# We need a Brutal: Paws of Fury sequel!



## VGmaster9 (Mar 26, 2012)

Granted, the original game had mediocre reviews, but a new version by today's standards would be kickass. All that needs to be done is have the characters better looking, with KOF/BB style sprites. Also, there should be a greatly enhanced number of new characters. On top of that, having different modes, as well as online play. How about it?


----------



## LizardKing (Mar 26, 2012)

Right on.


----------



## Imperial Impact (Mar 26, 2012)

No we don't.


----------



## lupinealchemist (Mar 26, 2012)

I remember that game, you just spam B,D,B till you win.


----------



## Kaamos (Mar 26, 2012)

http://www.youtube.com/watch?v=2HJxya0CWco&feature=related


----------



## JArt. (Mar 26, 2012)

Not to be mean but...
http://www.youtube.com/watch?v=7SHNJqvFqt4


----------



## Imperial Impact (Mar 26, 2012)

daaaaaaawg snif that shig mang its lik fukin animuxxxxxrenamonxxxMy little pony:FiM swga smok weed erryday.


----------



## Tybis (Mar 26, 2012)

Just enhancing the graphics and adding more characters does not equal fun.


----------



## Imperial Impact (Mar 26, 2012)

VGmaster9 said:


> All that needs to be done is have the characters better looking, with KOF style sprites.


----------



## DarrylWolf (Mar 26, 2012)

JArt. said:


> Not to be mean but...
> http://www.youtube.com/watch?v=7SHNJqvFqt4



Bring back Paws of Fury?
http://www.youtube.com/watch?v=P3ALwKeSEYs


----------



## JArt. (Mar 26, 2012)

DarrylWolf said:


> Bring back Paws of Fury?
> http://www.youtube.com/watch?v=P3ALwKeSEYs



http://www.youtube.com/watch?v=31g0YE61PLQ


----------



## Tybis (Mar 26, 2012)

Play this game instead OP.


----------



## Tycho (Mar 26, 2012)

Fighting games suck anyway lolololol


----------



## Sarcastic Coffeecup (Mar 27, 2012)

You know there might be a reason why they didn't make a sequel...


----------



## Smelge (Mar 27, 2012)

I think he's right actually.

If they remade it with current-gen graphics, new sound, better style, more playability, change it from Beat 'em up to something more modern like FPS, tone down the bright colours so they're more muted greys and browns, add in some guns and improve the storyline, like have it about terrorism or Russians or something. Then it would be perfect. Maybe add in some driving sections, maybe on snowmobiles.


----------



## Mutations2000 (Mar 27, 2012)

If they do make a sequel, they should go with a darker, more realistic style, and definitely better controls.  But, I think this is a pretty good idea.


----------



## Imperial Impact (Mar 27, 2012)

What is it with furries enjoying really bad/cheap looking videogames?


----------



## Aetius (Mar 27, 2012)

Perverted Impact said:


> What is it with furries enjoying really bad/cheap looking videogames?

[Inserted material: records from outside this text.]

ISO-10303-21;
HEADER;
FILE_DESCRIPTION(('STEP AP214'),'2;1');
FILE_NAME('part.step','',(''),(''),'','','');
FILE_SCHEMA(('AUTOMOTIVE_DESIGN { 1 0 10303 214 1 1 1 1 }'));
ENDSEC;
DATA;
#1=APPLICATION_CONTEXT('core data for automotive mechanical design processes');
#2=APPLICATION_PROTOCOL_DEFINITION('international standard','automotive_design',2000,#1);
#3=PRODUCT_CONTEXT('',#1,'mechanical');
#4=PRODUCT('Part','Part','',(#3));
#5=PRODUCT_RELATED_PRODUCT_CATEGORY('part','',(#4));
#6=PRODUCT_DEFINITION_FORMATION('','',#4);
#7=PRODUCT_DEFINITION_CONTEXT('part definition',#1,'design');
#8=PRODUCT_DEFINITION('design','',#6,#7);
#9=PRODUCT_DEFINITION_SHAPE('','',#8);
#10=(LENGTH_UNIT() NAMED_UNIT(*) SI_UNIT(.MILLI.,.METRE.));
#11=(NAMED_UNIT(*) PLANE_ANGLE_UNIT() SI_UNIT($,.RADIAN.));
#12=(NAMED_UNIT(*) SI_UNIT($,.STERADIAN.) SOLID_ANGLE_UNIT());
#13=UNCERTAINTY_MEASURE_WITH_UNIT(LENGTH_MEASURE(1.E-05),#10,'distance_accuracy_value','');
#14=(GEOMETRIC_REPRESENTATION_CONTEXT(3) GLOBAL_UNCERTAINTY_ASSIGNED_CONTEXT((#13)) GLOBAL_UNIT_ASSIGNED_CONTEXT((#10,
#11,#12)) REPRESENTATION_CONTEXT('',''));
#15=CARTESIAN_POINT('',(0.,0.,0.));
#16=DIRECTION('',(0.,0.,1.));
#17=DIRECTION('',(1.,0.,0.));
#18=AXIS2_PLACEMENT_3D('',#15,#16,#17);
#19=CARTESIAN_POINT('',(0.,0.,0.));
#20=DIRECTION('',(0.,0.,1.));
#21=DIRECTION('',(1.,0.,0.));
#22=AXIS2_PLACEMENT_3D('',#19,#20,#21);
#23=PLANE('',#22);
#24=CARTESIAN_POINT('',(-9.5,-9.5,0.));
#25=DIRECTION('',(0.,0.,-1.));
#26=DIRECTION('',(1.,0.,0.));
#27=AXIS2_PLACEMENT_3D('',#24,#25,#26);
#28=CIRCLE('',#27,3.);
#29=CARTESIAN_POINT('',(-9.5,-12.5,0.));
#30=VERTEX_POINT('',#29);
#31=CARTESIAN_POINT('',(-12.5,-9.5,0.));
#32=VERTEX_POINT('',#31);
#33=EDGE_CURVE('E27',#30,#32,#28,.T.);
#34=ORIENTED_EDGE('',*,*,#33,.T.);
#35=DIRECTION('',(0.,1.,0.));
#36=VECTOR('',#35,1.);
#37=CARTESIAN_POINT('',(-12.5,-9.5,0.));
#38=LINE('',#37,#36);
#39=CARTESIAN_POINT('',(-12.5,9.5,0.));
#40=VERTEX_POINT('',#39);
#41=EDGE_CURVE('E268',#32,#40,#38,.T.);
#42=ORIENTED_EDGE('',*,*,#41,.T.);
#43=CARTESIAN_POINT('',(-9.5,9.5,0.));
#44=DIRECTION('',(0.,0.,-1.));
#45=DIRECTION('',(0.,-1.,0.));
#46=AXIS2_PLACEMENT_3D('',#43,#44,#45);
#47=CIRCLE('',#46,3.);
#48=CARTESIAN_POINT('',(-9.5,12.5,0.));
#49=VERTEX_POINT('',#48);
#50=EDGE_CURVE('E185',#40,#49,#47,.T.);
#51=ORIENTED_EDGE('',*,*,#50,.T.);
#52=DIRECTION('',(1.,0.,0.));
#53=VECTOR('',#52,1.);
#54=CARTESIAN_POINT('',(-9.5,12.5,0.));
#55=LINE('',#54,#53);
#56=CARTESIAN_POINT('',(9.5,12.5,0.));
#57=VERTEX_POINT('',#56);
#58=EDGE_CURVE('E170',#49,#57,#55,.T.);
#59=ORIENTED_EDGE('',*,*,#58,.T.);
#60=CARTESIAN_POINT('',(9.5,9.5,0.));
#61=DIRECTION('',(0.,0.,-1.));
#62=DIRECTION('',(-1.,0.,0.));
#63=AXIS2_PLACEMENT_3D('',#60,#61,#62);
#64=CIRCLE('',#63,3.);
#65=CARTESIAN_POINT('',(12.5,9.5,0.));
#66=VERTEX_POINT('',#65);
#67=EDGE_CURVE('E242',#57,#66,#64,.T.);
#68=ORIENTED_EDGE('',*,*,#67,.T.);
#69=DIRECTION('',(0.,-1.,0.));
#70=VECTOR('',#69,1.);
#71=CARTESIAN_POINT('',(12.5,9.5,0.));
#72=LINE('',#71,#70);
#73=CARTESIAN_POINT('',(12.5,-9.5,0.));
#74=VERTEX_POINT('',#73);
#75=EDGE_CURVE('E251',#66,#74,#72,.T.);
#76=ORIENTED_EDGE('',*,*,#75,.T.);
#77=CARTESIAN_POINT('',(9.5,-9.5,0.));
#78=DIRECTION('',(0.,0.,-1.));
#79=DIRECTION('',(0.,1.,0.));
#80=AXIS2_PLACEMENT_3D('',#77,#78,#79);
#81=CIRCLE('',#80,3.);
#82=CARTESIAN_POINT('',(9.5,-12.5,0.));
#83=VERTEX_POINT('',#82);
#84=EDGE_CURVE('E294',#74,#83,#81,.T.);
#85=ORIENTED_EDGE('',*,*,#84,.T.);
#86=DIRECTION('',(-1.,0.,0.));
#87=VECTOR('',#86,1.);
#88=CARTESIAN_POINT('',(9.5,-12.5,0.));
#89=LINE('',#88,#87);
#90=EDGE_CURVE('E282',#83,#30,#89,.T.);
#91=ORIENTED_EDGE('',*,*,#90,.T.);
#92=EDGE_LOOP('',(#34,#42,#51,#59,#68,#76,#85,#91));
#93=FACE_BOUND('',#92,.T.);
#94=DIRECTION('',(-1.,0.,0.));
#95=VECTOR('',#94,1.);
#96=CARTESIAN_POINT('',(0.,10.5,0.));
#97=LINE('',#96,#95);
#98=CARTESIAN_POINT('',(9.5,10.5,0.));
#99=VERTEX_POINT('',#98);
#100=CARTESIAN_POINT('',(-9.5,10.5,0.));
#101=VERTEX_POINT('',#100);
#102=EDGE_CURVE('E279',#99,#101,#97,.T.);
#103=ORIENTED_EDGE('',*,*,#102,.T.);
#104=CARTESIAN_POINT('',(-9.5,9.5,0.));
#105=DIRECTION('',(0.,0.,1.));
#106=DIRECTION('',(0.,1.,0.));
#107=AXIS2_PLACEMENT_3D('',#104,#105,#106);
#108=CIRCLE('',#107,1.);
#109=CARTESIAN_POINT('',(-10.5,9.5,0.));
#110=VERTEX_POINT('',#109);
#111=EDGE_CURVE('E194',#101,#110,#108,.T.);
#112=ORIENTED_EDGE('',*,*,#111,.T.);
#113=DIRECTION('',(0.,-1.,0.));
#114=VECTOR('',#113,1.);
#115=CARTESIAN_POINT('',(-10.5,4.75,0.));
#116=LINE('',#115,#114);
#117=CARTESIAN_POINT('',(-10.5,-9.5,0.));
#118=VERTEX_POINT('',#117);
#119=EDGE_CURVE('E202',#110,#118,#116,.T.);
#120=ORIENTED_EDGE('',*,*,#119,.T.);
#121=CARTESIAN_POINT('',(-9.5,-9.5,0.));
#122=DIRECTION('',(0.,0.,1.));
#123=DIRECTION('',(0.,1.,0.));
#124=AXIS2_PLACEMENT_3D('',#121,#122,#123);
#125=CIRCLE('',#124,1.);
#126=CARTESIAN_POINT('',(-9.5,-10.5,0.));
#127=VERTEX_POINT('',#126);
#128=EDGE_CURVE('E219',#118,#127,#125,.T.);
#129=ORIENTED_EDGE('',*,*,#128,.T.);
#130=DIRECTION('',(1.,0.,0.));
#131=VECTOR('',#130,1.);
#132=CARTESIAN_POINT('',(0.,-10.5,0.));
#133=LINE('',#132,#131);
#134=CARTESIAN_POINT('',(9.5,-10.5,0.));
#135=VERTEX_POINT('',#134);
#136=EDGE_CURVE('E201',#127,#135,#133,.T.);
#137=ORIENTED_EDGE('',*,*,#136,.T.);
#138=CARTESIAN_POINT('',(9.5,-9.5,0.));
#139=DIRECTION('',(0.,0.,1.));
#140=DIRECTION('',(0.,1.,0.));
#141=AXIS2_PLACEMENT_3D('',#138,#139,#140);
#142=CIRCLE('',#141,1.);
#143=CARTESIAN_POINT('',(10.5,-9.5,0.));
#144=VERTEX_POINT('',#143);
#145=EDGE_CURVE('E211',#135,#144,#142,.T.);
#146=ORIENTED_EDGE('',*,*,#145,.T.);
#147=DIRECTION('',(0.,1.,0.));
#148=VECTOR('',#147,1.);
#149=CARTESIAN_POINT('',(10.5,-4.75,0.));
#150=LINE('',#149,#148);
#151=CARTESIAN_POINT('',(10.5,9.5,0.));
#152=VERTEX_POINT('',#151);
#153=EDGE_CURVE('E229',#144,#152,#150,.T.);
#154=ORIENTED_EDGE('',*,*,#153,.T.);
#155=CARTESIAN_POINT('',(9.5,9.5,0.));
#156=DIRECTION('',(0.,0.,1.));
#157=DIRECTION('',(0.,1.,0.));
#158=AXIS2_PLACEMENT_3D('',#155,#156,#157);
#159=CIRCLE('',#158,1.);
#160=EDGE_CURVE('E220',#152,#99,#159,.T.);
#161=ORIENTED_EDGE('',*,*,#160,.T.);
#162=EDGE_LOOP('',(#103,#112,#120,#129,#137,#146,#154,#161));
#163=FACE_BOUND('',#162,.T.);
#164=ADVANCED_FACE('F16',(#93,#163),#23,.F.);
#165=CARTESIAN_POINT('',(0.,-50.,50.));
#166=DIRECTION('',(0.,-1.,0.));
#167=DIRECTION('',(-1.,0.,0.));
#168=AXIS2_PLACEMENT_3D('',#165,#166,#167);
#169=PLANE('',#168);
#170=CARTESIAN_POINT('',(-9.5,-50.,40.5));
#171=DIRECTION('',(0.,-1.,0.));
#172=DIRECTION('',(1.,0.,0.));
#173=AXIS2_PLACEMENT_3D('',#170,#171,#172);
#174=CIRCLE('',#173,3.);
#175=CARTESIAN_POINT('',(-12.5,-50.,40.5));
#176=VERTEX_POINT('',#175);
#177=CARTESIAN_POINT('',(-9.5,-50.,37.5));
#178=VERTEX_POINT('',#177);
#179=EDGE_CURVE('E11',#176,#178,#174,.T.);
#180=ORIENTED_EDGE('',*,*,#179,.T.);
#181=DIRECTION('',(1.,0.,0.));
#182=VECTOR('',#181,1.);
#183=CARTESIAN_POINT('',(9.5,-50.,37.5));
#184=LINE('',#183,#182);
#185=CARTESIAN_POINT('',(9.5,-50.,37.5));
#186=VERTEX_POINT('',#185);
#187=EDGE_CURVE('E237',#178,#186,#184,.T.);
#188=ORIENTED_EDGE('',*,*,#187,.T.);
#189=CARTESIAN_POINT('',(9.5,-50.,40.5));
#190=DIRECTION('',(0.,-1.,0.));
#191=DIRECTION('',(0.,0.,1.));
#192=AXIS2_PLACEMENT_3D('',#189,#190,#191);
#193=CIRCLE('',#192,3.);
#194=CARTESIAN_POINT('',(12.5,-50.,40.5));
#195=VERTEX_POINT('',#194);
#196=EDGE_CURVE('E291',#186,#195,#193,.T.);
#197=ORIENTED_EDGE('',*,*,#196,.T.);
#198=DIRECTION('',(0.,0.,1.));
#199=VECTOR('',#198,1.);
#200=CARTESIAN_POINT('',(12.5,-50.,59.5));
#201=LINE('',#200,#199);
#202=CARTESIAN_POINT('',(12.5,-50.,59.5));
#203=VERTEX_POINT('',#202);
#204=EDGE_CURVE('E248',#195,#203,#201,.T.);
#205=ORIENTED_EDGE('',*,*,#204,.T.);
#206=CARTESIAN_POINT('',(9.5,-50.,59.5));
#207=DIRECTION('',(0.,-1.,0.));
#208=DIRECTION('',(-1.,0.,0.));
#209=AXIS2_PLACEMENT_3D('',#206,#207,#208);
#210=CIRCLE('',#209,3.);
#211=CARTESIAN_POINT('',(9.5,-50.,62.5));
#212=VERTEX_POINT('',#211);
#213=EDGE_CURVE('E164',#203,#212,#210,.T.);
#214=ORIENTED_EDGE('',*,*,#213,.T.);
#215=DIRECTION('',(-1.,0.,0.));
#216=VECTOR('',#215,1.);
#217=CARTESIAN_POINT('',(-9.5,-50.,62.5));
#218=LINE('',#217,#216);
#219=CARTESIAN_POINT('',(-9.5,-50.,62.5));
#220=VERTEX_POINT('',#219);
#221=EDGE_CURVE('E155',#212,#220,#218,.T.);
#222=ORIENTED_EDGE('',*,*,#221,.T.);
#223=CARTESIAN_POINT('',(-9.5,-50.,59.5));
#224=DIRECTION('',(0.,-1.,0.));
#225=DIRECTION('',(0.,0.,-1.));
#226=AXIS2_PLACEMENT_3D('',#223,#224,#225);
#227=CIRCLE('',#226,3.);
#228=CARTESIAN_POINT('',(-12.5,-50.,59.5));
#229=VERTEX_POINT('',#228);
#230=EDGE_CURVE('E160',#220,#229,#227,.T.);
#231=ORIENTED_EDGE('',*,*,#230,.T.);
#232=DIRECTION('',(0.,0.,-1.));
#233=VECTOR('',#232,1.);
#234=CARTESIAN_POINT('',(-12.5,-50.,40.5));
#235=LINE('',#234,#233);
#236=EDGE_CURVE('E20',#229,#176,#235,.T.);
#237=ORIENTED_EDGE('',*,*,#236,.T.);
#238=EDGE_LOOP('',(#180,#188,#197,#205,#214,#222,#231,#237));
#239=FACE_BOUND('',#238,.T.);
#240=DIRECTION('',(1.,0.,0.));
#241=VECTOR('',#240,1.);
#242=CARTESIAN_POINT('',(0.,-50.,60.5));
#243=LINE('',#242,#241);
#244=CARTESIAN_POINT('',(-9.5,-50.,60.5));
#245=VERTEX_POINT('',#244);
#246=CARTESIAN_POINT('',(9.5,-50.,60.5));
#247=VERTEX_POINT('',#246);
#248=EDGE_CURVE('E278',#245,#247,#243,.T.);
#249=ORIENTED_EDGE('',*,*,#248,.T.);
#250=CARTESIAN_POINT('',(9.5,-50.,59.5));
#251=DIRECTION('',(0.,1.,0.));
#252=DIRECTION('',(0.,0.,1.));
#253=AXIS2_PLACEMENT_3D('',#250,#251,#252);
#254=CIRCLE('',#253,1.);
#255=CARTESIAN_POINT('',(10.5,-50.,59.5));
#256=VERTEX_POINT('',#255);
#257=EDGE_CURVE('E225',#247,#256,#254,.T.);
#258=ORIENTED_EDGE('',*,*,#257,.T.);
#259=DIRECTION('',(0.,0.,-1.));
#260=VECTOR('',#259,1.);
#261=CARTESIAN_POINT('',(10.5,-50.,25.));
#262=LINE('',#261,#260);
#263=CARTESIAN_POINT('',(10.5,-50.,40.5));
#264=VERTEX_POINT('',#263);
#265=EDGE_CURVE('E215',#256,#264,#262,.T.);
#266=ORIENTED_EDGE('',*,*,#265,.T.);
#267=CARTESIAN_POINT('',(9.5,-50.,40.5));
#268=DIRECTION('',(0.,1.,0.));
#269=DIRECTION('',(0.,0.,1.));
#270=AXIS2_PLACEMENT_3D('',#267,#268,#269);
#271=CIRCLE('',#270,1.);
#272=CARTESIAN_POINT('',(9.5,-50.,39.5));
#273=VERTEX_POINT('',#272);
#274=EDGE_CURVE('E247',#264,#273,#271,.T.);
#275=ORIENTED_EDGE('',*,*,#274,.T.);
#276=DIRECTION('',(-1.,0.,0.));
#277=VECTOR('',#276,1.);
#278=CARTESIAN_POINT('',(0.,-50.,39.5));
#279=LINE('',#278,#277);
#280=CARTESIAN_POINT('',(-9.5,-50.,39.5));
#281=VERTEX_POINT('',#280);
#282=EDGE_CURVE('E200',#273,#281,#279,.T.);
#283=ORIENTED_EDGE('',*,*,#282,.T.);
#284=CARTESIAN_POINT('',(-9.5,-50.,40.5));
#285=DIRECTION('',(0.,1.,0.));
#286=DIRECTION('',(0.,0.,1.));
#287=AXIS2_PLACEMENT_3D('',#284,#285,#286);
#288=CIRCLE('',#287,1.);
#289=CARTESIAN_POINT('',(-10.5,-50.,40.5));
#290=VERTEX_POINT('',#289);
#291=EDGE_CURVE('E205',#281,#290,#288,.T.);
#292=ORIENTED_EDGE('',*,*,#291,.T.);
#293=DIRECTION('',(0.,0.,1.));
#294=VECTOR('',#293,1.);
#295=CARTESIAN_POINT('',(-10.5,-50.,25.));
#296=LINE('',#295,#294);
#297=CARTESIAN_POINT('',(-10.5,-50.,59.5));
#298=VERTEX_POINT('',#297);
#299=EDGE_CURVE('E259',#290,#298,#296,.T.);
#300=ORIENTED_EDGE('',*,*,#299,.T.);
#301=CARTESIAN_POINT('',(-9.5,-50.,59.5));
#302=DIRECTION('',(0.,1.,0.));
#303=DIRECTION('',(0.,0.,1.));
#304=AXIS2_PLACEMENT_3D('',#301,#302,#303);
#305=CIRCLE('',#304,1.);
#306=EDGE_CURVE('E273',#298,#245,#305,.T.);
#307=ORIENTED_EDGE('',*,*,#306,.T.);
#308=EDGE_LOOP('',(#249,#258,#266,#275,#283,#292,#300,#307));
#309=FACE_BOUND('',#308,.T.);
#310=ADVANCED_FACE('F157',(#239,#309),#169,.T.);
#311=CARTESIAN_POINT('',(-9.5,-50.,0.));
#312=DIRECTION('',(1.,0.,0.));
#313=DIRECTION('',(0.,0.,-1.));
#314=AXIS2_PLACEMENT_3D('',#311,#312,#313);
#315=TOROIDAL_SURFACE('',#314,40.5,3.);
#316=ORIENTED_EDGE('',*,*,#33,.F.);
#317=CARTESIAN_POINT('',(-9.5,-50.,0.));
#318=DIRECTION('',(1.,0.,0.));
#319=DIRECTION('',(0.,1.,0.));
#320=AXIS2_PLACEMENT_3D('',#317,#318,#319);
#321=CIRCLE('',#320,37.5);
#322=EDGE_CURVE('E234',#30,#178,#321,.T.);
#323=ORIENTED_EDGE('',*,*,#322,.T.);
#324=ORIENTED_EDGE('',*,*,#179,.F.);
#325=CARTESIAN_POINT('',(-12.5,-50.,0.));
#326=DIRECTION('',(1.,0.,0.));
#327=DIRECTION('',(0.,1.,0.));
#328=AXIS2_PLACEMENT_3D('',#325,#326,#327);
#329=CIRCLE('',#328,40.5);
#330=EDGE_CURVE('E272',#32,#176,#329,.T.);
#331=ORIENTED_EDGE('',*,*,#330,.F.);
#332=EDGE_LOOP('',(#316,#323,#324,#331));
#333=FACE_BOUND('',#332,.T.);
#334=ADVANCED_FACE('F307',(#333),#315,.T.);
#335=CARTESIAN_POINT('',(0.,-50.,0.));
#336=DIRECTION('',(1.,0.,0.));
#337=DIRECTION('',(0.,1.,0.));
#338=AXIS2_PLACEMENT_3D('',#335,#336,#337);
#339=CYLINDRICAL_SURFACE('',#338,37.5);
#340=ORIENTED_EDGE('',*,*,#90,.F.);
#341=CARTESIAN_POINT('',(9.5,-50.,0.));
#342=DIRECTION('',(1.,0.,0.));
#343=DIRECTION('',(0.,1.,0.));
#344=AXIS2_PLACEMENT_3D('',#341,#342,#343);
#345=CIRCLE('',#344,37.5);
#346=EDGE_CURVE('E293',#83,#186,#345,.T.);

As long as it has anthros they can fap to, they will love it.


----------



## Imperial Impact (Mar 27, 2012)

Crusader Mike said:


> As long as it has anthros they can fap to, they will love it.



http://www.youtube.com/watch?v=1zEuATnlYjE

Furries can fap to *that*?


----------



## Alastair Snowpaw (Mar 27, 2012)

i noticed sega logo on the top, if that gme is involved with sega there's no way in fuck it will ever get a sequal.
also it made me cringe a little.


----------



## Joeyyy (Mar 27, 2012)

Sir, Im gonna have to ask you to lurk


----------



## Aetius (Mar 27, 2012)

Perverted Impact said:


> http://www.youtube.com/watch?v=1zEuATnlYjE
> 
> Furries can fap to *that*?



I wouldn't be surprised honestly.


----------



## Imperial Impact (Mar 27, 2012)

Crusader Mike said:


> I wouldn't be surprised honestly.



And on this day, A god cried.


----------



## DarrylWolf (Mar 27, 2012)

Perverted Impact said:


> http://www.youtube.com/watch?v=1zEuATnlYjE
> 
> Furries can fap to *that*?



The animation looks downright awful- the CD-i Zelda had a better animation than that. An amateur video a church youth group could come up with using 1990's technology or some elementary school educational video about electricity >>>>>>>>>>>>>> Brutal: Paws of Fury.


----------



## Tango (Mar 27, 2012)

No. We do not need this. Not at all.


----------



## Imperial Impact (Mar 27, 2012)

DarrylWolf said:


> The animation looks downright awful- the CD-i Zelda had a better animation than that. An amateur video a church youth group could come up with using 1990's technology or some elementary school educational video about electricity >>>>>>>>>>>>>> Brutal: Paws of Fury.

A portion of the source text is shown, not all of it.